Deformed Topological Partition Function and Nekrasov Backgrounds
I. Antoniadis, S. Hohenegger, K. S. Narain, T. R. Taylor
TL;DR
The paper studies deformations of the N=2 topological string via higher-dimensional F-terms $W^{2g}\Upsilon^n$, producing amplitudes that couple $(R^-)^2 (T^-)^{2g-2} (F^+)^{2n}$ with coefficients $F_{g,n}$ and proposing a refinement of the topological string aligned with Nekrasov's $\epsilon_{1,2}$-backgrounds. It computes these amplitudes in Type II as genus-$g$ topological correlators and shows independence from the Type II dilaton, implying exactness at genus $g$, while near conifold singularities the behavior is governed by a $c=1$ string with radius deformation.
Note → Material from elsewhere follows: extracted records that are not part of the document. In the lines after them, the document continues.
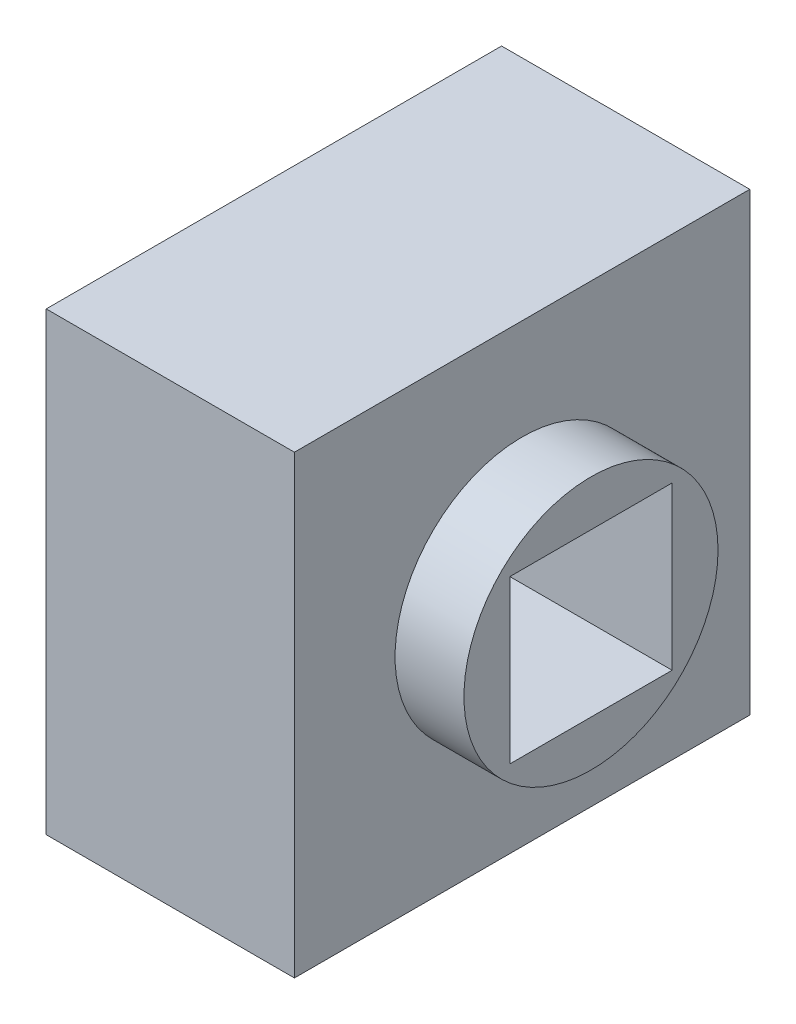
SolidWorks part; units mm, degrees
ref_plane "Front" through (0, 0, 0) normal (0, 0, 1) x (1, 0, 0)
ref_plane "Top" through (0, 0, 0) normal (0, 1, 0) x (1, 0, 0)
ref_plane "Right" through (0, 0, 0) normal (1, 0, 0) x (0, 0, -1)
sketch "Sketch2" plane through (0, 0, 0) normal (1, 0, 0) x (0, 0, -1)
  line L1 (0, 0) -> (8.3, 0)
  line L2 (0, 0) -> (0, 8.3)
  line L3 (0, 8.3) -> (8.3, 8.3)
  line L4 (8.3, 0) -> (8.3, 8.3)
  dimension "D1" = 8.3
  dimension "D2" = 8.3
extrude "Extrude-Thin1" add sketch "Sketch2" along normal blind 12.7 thin
sketch "Sketch3" plane through (12.7, 0, 0) normal (1, 0, 0) x (0, 0, -1)
  line L0 (0, 0) -> (8.3, 8.3) construction
  line L2 (0, 8.3) -> (8.3, 8.3)
  line L3 (0, 8.3) -> (0, 0)
  line L4 (0, 0) -> (8.3, 0)
  line L5 (8.3, 8.3) -> (8.3, 0)
  circle A0 centre (4.15, 4.15) radius 6.5
extrude "Boss-Extrude1" add sketch "Sketch3" along normal blind 3.525

The heterotic dual at one loop reproduces the perturbative part of Nekrasov's partition function in the $\Omega$-background (up to a phase in $\epsilon_+$), and duality suggests that Type II results also capture non-perturbative heterotic contributions. Overall, the work connects refined topological strings to gauge-theory instanton physics, clarifying how $F_{g,n}$ encode Nekrasov-like deformations and how conifold and $c=1$ dynamics emerge in the dual string descriptions.
Abstract
A deformation of the N=2 topological string partition function is analyzed by considering higher dimensional F-terms of the type W^{2g}*Upsilon^n, where W is the chiral Weyl superfield and each Upsilon factor stands for the chiral projection of a real function of N=2 vector multiplets. These terms generate physical amplitudes involving two anti-self-dual Riemann tensors, 2g-2 anti-self-dual graviphoton field strengths and 2n self-dual field strengths from the matter vector multiplets. Their coefficients F_{g,n} generalizing the genus g partition function F_{g,0} of the topological twisted type II theory, can be used to define a generating functional by introducing deformation parameters besides the string coupling. Choosing all matter field strengths to be that of the dual heterotic dilaton supermultiplet, one obtains two parameters that we argue should correspond to the deformation parameters of the Nekrasov partition function in the field theory limit, around the conifold singularity. Its perturbative part can be obtained from the one loop analysis on the heterotic side. This has been computed in [1] and in the field theory limit shown to be given by the radius deformation of c=1 CFT coupled to two-dimensional gravity. Quite remarkably this result reproduces the gauge theory answer up to a phase difference that may be attributed to the regularization procedure. The type II results are expected to be exact and should also capture the part that is non-perturbative in heterotic dilaton.